WHAT IS BEING ASKED:
Up to and including the line with "doc.linetypes.add('DASHED2', pattern=[9.525, 6.35, -3.175])", restate every line of the records below word for word, from the first line on, leaving out the pictures.

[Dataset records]
● ● ●
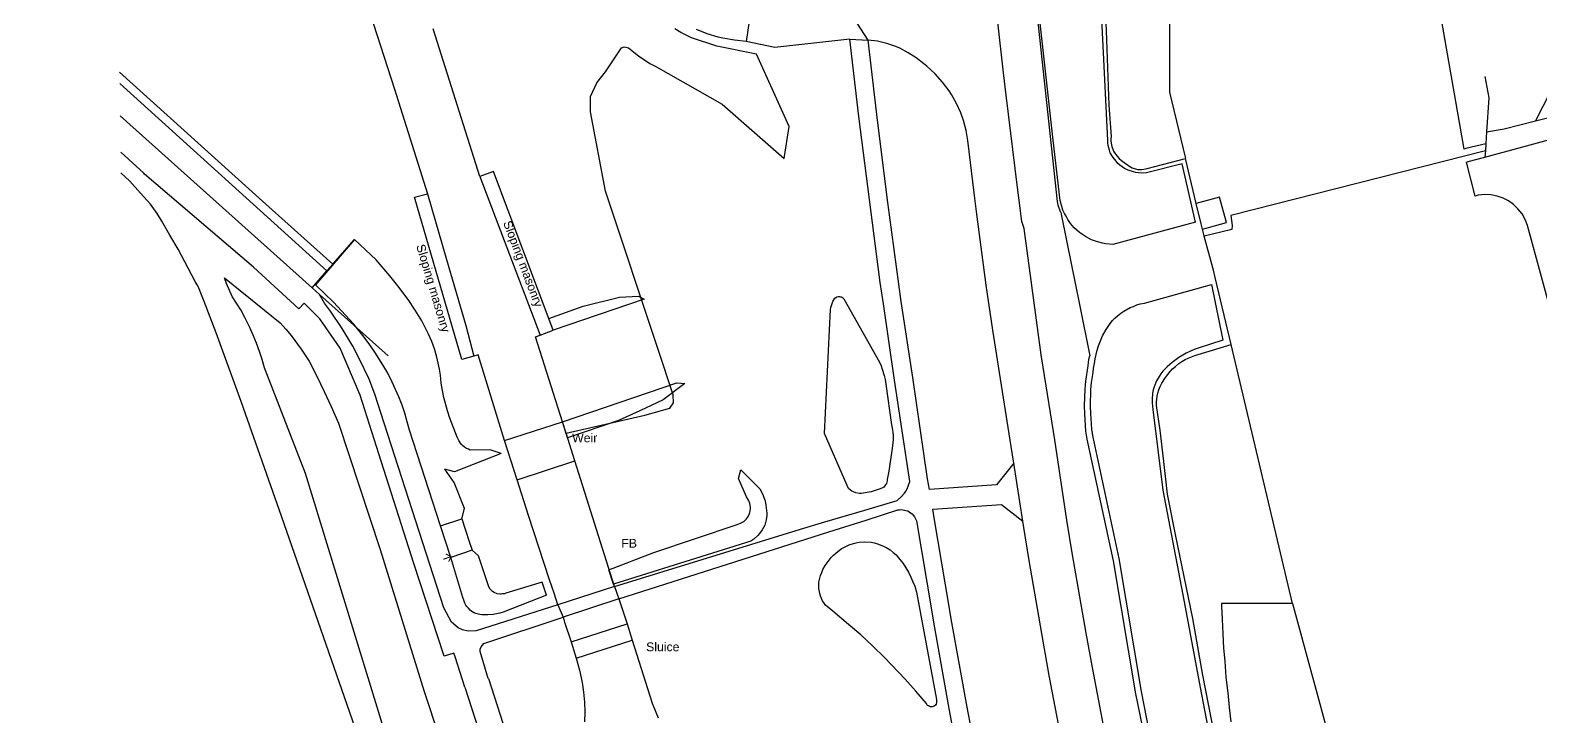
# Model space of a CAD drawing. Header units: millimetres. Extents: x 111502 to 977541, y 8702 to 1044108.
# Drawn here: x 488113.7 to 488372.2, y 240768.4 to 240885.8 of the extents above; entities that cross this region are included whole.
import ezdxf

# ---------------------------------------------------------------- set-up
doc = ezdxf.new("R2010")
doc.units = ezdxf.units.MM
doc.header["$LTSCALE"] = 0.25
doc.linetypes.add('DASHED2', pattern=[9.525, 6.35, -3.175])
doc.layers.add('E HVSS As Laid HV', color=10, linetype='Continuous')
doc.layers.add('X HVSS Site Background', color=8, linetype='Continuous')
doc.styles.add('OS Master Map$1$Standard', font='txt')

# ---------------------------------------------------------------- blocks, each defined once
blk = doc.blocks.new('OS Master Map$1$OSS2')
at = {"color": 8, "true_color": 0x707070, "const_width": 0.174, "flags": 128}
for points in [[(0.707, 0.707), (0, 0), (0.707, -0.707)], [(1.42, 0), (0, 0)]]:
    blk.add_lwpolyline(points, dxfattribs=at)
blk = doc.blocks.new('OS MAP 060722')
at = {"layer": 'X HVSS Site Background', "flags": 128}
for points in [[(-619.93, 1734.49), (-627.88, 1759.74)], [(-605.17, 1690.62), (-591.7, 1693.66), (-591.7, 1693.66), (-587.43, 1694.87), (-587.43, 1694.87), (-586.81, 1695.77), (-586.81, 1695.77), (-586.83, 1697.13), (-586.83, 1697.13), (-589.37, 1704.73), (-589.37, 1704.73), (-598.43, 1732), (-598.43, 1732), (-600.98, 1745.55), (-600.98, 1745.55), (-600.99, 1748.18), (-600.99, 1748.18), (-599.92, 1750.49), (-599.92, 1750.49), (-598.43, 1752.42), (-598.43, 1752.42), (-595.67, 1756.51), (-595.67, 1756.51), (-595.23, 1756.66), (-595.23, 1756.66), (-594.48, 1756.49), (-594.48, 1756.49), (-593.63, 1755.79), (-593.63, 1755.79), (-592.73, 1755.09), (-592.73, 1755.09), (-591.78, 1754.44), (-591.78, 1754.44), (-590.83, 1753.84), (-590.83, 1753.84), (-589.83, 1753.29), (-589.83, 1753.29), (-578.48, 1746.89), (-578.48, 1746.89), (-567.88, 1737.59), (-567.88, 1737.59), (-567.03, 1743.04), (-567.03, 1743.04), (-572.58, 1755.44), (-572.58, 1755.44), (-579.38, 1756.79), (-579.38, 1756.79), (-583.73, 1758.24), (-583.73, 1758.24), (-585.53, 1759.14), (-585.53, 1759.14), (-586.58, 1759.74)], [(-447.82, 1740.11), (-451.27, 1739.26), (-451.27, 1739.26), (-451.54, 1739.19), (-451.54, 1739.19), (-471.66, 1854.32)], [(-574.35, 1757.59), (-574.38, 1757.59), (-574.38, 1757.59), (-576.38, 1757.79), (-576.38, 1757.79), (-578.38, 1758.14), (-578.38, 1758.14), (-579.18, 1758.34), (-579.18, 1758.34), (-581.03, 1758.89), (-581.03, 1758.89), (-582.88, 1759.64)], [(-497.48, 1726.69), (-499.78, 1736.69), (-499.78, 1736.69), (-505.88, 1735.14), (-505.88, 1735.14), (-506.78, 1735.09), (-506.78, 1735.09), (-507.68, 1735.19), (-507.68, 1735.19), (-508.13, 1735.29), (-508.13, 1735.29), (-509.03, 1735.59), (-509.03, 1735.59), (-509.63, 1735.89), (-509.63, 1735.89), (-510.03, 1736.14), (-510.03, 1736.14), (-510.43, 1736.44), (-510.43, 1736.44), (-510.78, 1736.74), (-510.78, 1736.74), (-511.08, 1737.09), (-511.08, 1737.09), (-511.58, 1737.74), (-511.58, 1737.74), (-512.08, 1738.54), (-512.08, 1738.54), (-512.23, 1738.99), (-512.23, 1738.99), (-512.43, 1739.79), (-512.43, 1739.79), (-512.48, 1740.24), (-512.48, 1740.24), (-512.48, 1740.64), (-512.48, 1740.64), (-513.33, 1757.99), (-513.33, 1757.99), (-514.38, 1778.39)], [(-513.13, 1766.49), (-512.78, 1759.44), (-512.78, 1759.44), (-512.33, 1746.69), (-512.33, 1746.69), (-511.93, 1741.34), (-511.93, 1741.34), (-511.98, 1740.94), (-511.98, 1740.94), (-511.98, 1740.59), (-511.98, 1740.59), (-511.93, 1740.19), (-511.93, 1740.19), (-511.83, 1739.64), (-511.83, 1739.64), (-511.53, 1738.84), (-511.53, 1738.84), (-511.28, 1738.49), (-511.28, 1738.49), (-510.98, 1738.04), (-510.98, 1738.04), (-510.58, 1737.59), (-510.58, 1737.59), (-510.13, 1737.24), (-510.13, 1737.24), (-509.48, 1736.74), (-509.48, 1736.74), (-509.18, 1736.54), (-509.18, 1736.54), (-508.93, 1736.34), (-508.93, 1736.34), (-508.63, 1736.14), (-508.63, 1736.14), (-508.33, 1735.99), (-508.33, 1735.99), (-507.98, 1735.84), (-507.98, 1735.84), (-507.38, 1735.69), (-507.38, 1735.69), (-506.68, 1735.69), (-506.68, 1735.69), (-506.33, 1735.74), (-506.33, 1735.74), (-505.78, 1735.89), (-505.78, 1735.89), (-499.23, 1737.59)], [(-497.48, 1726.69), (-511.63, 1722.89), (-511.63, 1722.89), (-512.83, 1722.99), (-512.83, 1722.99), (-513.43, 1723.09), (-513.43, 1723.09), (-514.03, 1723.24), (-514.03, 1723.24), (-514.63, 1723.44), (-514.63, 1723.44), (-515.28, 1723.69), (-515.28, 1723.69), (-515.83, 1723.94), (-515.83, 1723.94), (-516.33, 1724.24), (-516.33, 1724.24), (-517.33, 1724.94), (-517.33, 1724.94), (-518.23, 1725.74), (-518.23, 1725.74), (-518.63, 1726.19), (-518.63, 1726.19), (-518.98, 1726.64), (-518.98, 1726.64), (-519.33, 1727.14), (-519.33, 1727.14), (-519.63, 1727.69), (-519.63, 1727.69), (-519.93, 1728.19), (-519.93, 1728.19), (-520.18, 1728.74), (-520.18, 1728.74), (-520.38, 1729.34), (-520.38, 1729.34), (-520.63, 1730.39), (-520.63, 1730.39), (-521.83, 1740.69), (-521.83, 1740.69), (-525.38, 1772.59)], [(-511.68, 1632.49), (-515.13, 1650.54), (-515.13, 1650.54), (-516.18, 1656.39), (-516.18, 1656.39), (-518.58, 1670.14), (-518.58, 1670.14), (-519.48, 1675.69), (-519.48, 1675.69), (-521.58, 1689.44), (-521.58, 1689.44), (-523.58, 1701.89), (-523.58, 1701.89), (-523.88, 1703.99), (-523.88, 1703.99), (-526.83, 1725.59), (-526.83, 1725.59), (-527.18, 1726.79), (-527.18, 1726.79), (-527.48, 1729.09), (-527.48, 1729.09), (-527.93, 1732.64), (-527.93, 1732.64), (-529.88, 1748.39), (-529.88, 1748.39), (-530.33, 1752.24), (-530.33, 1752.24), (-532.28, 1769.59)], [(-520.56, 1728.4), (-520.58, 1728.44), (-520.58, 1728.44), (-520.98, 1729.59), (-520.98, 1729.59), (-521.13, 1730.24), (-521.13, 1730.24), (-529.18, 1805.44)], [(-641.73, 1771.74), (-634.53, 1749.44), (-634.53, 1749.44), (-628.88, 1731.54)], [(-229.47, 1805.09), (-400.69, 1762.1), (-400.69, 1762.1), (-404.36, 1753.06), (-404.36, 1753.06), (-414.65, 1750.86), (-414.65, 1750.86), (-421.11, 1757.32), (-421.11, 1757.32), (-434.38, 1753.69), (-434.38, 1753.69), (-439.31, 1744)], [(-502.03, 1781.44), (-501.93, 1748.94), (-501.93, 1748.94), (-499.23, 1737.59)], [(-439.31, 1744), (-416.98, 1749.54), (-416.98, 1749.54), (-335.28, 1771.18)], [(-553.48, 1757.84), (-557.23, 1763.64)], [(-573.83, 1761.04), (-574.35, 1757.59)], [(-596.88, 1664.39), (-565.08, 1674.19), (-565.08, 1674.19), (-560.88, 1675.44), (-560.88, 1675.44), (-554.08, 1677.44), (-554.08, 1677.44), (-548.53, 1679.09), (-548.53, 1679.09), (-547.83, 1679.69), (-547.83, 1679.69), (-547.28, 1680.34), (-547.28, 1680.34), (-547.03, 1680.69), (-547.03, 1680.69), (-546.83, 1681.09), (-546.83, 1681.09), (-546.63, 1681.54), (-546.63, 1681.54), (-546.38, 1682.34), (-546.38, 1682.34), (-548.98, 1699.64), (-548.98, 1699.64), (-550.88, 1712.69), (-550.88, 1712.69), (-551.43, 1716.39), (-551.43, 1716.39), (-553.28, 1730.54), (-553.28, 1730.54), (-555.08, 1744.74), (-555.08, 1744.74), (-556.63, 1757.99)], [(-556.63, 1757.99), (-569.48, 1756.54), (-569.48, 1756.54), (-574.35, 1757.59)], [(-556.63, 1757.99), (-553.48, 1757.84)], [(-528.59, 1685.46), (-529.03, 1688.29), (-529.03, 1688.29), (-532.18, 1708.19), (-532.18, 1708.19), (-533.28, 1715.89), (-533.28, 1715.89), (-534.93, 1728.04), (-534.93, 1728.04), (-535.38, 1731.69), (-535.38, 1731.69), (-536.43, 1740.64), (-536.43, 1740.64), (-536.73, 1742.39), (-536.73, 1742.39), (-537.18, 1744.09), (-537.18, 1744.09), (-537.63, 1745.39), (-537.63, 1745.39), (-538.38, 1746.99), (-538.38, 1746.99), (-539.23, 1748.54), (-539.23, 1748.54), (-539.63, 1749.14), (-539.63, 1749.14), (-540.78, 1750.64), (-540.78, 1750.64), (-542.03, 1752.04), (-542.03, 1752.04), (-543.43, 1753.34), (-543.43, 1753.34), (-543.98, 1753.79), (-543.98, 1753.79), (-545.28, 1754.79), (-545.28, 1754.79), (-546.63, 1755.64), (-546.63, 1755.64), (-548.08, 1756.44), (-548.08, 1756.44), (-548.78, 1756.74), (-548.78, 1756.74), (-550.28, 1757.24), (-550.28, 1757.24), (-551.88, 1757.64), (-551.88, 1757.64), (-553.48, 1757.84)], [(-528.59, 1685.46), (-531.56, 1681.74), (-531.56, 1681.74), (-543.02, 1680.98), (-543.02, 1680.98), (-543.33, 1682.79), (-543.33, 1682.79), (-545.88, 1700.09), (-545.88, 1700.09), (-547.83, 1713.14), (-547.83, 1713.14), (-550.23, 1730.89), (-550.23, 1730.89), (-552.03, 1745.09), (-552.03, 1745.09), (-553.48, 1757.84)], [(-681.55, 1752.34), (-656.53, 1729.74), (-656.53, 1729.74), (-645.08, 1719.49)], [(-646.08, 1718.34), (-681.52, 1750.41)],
● ● ●
RESPONSE AREA:
# Model space of a CAD drawing. Header units: millimetres. Extents: x 111502 to 977541, y 8702 to 1044108.
# Drawn here: x 488113.7 to 488372.2, y 240768.4 to 240885.8 of the extents above; entities that cross this region are included whole.
import ezdxf

# ---------------------------------------------------------------- set-up
doc = ezdxf.new("R2010")
doc.units = ezdxf.units.MM
doc.header["$LTSCALE"] = 0.25
doc.linetypes.add('DASHED2', pattern=[9.525, 6.35, -3.175])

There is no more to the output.